» Your assignment
Go through the data and report each line that holds the string "ezdxf".

» Working data
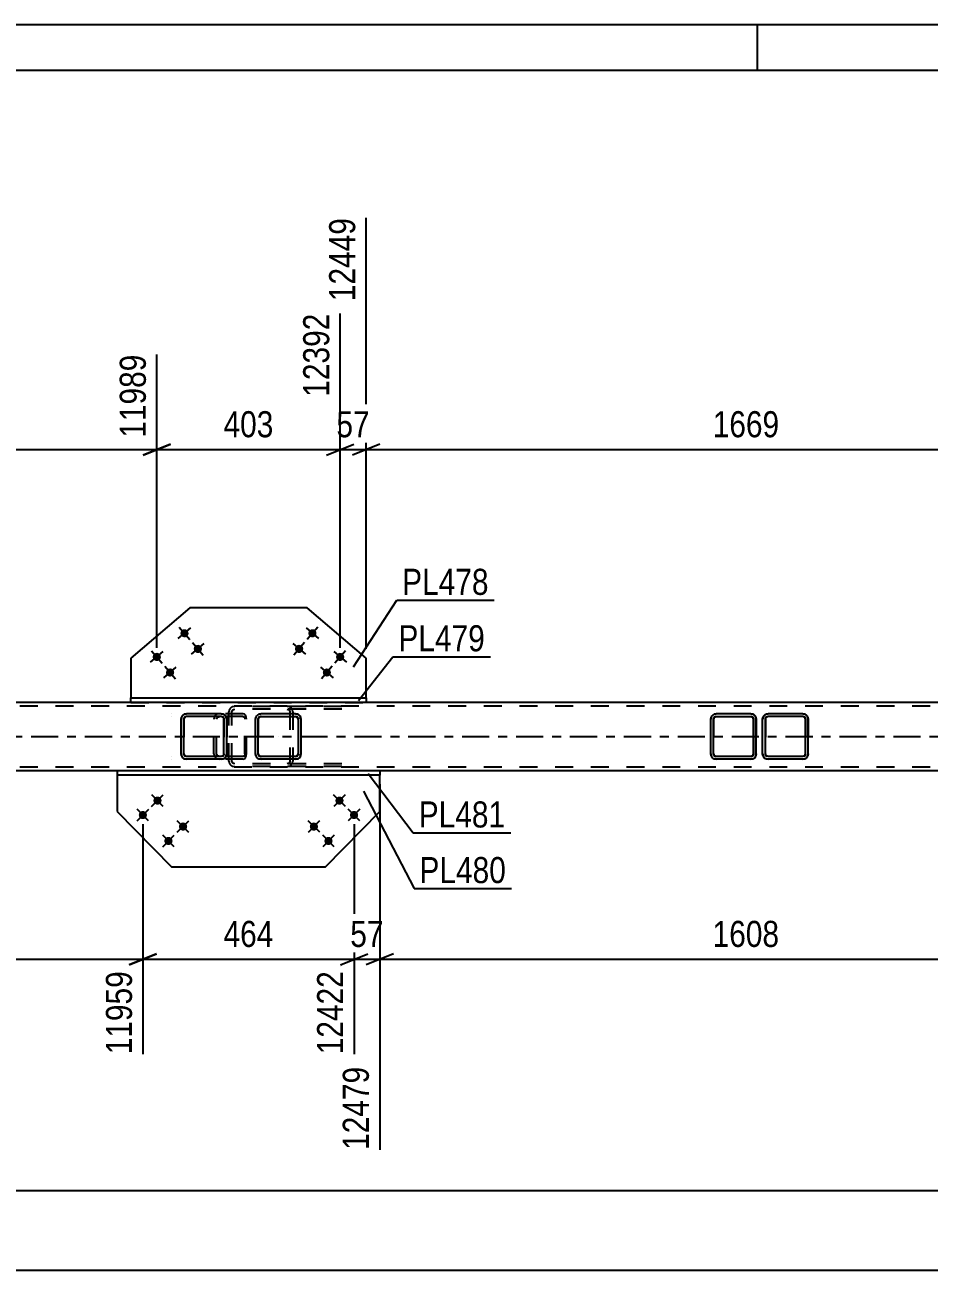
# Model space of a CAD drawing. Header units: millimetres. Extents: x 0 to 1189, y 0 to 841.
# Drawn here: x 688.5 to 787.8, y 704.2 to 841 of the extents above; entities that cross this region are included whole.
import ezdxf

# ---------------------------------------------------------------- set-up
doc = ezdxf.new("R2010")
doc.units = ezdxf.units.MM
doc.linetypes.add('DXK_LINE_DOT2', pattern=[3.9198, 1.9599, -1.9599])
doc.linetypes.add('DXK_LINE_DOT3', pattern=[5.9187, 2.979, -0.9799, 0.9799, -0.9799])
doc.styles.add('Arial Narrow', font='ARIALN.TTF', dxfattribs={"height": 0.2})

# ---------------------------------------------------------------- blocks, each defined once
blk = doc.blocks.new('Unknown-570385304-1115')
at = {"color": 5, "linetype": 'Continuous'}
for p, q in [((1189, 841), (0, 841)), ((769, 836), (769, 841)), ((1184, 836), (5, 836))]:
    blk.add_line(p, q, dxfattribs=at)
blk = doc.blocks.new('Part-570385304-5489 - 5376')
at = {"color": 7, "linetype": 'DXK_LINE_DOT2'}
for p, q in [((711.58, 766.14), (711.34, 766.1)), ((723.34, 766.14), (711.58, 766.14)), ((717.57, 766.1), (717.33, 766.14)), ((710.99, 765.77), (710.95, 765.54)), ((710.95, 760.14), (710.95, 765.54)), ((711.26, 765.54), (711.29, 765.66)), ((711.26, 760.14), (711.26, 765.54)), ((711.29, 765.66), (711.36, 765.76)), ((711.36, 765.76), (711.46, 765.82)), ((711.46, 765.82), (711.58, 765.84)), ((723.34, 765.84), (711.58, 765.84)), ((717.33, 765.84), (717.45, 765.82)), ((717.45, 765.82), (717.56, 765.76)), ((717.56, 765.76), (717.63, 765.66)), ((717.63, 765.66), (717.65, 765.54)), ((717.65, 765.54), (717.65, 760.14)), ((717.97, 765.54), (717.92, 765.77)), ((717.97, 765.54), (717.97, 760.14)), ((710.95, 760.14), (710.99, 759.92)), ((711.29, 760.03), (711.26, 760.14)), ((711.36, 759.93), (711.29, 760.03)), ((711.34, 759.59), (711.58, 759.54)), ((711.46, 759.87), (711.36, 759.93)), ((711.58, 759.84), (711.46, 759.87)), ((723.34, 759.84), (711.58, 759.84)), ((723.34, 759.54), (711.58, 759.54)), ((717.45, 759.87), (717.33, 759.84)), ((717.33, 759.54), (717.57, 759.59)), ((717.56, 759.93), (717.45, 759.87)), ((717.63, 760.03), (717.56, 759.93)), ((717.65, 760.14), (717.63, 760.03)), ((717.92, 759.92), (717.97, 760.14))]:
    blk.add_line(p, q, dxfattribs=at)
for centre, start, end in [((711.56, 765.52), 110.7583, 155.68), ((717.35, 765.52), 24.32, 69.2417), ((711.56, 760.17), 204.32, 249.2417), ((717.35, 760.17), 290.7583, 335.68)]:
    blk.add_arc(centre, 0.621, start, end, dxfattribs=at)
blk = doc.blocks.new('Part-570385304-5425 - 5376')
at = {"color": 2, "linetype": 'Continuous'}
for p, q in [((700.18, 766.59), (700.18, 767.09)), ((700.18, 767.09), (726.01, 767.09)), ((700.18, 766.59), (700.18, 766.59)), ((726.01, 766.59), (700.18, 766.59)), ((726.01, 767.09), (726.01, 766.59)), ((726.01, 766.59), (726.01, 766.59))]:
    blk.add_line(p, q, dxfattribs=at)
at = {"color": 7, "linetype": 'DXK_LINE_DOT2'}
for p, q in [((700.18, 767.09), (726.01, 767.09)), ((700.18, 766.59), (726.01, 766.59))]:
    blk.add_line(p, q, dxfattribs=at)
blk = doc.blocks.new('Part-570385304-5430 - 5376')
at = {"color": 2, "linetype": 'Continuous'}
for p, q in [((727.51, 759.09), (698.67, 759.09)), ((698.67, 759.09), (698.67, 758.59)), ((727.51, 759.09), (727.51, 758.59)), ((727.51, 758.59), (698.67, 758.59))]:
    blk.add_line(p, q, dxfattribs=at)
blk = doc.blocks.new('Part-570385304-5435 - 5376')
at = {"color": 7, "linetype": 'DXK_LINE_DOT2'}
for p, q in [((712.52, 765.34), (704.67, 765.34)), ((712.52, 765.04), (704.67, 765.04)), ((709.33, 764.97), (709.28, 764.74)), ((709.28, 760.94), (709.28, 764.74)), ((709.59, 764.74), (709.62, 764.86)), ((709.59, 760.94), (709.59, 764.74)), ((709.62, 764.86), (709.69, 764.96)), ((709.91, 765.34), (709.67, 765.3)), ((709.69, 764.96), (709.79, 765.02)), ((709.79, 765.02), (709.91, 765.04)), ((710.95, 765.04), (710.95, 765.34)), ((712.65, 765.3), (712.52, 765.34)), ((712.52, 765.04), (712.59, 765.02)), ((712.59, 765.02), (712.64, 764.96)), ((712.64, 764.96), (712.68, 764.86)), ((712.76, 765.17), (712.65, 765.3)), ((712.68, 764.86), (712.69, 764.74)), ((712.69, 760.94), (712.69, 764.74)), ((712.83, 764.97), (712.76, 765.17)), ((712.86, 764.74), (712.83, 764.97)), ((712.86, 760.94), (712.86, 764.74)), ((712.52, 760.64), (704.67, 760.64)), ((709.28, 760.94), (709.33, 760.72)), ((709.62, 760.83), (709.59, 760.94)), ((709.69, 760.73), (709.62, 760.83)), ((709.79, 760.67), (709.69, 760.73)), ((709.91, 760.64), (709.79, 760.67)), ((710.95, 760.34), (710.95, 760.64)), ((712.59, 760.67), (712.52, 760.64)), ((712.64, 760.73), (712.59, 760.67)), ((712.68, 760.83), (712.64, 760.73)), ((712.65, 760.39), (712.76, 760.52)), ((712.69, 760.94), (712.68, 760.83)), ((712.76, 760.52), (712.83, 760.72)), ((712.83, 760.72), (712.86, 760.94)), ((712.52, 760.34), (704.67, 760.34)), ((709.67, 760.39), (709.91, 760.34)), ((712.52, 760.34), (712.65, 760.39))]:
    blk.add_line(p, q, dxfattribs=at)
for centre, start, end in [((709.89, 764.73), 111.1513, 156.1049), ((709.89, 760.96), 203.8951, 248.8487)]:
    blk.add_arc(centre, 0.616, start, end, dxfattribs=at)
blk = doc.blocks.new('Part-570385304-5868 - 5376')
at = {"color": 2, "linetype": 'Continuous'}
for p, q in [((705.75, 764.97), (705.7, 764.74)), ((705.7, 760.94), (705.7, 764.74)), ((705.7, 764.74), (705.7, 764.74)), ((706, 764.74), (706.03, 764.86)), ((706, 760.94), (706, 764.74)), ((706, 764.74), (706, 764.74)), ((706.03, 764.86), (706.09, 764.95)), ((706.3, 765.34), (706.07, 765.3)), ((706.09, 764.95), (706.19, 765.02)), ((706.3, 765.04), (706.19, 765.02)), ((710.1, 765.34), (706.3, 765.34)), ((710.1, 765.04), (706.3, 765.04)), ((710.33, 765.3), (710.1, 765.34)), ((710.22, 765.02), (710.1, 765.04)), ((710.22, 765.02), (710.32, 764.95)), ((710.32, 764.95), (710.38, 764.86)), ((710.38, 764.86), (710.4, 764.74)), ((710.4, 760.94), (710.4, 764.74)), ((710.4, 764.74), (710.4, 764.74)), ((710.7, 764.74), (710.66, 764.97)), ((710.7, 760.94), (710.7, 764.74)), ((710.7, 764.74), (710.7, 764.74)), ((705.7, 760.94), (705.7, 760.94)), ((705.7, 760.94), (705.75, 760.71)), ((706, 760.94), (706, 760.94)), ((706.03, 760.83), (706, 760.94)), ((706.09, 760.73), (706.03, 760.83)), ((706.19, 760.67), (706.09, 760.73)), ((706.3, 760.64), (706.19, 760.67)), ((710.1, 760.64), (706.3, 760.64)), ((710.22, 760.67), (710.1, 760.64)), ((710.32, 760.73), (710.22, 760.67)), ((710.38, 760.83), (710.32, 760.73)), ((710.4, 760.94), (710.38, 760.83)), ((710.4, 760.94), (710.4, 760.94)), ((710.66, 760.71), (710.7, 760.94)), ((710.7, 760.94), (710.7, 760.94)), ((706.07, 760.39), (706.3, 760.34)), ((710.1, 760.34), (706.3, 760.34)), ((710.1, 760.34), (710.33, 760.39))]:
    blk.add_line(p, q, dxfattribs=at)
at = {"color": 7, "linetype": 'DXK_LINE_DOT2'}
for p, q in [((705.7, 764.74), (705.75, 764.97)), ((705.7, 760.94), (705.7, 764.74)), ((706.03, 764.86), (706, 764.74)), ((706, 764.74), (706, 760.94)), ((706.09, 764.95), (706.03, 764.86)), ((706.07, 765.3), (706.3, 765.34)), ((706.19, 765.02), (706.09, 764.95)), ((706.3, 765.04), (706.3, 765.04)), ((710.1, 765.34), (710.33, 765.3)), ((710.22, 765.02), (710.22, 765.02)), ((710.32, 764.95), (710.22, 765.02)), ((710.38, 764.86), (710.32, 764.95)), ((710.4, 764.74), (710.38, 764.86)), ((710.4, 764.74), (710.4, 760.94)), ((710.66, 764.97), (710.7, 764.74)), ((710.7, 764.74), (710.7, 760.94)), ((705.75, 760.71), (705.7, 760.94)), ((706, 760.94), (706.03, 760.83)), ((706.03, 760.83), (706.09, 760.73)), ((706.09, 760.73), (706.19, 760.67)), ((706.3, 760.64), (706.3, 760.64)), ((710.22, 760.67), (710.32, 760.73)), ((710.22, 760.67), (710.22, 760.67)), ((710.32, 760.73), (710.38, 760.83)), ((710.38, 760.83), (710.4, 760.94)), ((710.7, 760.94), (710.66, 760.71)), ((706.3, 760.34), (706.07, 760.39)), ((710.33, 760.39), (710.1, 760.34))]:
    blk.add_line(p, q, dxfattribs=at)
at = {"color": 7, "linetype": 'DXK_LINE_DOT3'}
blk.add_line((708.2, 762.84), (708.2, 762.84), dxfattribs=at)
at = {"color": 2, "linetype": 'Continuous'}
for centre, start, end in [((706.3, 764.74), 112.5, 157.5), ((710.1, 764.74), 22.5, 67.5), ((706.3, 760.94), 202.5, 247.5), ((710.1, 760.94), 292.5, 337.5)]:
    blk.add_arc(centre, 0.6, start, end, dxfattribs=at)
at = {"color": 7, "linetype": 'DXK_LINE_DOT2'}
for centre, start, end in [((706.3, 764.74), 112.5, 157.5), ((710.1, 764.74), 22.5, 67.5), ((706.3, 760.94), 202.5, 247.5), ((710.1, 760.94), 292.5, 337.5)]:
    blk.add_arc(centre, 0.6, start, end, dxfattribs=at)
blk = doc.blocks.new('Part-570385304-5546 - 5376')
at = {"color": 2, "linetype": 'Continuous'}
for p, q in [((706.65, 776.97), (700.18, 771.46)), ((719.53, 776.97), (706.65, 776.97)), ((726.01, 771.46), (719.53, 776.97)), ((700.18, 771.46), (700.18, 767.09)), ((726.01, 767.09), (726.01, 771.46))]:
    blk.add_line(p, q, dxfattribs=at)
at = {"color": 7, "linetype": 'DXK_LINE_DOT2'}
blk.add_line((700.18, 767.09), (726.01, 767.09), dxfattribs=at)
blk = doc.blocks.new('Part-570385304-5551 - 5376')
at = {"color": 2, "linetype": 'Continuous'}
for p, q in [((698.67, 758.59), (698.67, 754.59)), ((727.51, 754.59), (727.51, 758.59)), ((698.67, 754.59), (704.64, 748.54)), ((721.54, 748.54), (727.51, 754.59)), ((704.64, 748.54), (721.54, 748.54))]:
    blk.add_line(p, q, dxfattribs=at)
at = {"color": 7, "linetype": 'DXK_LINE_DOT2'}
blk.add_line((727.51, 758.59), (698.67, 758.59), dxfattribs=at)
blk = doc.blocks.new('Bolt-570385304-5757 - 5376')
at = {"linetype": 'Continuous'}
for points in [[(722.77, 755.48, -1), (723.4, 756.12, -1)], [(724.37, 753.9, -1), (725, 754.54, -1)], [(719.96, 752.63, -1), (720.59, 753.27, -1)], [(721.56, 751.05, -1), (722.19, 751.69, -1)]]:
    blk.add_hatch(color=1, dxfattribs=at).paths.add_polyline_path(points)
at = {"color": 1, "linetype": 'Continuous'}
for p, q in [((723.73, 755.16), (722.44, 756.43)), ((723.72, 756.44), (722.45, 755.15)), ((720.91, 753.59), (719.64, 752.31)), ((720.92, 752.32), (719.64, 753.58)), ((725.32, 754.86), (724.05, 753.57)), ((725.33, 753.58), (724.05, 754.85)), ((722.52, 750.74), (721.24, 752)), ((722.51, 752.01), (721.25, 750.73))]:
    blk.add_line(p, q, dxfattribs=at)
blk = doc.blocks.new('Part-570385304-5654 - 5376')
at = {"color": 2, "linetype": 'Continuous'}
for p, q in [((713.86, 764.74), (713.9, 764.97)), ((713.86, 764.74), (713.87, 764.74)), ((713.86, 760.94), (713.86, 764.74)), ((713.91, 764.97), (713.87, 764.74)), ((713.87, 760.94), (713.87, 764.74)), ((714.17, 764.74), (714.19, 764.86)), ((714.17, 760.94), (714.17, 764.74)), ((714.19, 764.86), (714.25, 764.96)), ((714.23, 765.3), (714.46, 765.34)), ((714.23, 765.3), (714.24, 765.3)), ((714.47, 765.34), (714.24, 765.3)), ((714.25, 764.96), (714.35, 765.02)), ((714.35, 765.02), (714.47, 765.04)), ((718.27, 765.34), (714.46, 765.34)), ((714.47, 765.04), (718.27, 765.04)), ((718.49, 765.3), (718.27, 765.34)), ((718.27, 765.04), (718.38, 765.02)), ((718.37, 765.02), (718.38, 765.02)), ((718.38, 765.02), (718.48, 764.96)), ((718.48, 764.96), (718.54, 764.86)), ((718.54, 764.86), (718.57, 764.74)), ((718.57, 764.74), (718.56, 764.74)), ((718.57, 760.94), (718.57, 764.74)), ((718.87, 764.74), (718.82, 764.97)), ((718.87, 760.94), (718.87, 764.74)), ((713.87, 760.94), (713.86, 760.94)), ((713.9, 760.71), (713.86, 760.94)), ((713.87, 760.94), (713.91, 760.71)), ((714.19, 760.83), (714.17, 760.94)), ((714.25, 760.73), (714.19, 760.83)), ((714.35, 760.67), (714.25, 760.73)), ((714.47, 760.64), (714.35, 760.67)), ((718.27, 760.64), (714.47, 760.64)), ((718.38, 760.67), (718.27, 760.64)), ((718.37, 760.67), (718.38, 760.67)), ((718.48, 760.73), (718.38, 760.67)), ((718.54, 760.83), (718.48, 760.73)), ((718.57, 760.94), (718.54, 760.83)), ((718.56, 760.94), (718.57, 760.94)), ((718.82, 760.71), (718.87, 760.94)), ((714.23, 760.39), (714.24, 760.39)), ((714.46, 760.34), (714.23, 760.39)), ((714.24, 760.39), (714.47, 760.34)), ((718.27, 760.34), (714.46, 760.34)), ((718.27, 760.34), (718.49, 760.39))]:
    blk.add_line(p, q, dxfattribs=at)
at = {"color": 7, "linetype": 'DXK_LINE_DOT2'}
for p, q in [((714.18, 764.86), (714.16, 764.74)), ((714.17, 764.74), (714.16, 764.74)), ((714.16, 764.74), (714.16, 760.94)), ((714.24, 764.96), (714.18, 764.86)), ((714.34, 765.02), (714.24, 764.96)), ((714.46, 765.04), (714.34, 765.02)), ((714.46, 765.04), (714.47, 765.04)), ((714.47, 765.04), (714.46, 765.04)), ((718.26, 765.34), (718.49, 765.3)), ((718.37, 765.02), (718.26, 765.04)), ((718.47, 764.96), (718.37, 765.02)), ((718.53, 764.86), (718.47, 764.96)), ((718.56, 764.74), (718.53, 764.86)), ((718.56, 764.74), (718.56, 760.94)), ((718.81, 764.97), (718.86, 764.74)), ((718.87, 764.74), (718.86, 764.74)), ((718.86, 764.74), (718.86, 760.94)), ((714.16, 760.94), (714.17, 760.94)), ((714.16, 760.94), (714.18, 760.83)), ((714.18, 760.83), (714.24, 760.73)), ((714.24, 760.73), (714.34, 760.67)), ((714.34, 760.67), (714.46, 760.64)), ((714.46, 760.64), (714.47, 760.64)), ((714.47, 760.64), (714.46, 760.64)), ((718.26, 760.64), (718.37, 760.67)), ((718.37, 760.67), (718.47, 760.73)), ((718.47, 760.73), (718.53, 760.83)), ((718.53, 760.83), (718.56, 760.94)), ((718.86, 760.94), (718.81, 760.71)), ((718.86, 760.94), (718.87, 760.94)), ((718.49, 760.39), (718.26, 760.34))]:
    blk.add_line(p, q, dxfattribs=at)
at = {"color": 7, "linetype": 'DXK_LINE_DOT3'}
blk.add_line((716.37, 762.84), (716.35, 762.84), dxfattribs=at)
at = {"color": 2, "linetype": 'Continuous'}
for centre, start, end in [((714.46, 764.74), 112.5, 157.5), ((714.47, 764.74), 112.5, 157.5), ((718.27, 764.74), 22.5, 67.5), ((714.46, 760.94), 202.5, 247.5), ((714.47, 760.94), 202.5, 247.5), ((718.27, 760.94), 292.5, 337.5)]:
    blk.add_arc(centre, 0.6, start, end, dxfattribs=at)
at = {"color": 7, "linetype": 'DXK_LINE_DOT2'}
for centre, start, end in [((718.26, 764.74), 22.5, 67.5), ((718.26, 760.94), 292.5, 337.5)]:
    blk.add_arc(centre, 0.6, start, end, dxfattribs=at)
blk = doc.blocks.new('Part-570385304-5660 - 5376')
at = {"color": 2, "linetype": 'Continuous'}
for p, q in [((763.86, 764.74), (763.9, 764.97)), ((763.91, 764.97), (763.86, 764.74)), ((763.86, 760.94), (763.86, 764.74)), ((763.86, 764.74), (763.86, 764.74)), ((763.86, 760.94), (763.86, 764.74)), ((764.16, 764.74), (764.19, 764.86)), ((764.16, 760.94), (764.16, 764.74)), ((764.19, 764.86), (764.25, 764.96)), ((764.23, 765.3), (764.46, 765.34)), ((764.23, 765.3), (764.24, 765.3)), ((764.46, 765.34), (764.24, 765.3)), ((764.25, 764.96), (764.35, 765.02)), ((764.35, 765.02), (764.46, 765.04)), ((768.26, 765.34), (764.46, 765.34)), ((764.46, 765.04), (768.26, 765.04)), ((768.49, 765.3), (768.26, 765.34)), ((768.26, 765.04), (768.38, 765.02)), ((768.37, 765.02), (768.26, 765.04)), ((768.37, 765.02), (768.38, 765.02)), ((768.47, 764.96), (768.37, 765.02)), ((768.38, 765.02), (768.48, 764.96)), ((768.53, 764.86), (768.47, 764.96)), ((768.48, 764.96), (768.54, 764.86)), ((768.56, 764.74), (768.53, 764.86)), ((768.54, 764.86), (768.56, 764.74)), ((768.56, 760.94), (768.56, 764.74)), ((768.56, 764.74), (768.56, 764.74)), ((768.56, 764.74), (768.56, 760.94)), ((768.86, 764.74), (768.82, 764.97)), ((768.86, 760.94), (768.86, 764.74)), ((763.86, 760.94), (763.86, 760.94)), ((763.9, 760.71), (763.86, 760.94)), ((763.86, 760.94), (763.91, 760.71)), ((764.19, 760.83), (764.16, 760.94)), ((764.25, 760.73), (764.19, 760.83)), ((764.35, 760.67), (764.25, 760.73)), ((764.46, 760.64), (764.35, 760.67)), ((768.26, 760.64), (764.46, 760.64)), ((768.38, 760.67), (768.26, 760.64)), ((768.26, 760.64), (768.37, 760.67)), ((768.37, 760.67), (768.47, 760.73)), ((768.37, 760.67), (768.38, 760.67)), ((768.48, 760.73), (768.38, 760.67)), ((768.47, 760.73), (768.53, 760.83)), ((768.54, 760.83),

» Solution to the exercise
import ezdxf
doc = ezdxf.new("R2010")
doc.units = ezdxf.units.MM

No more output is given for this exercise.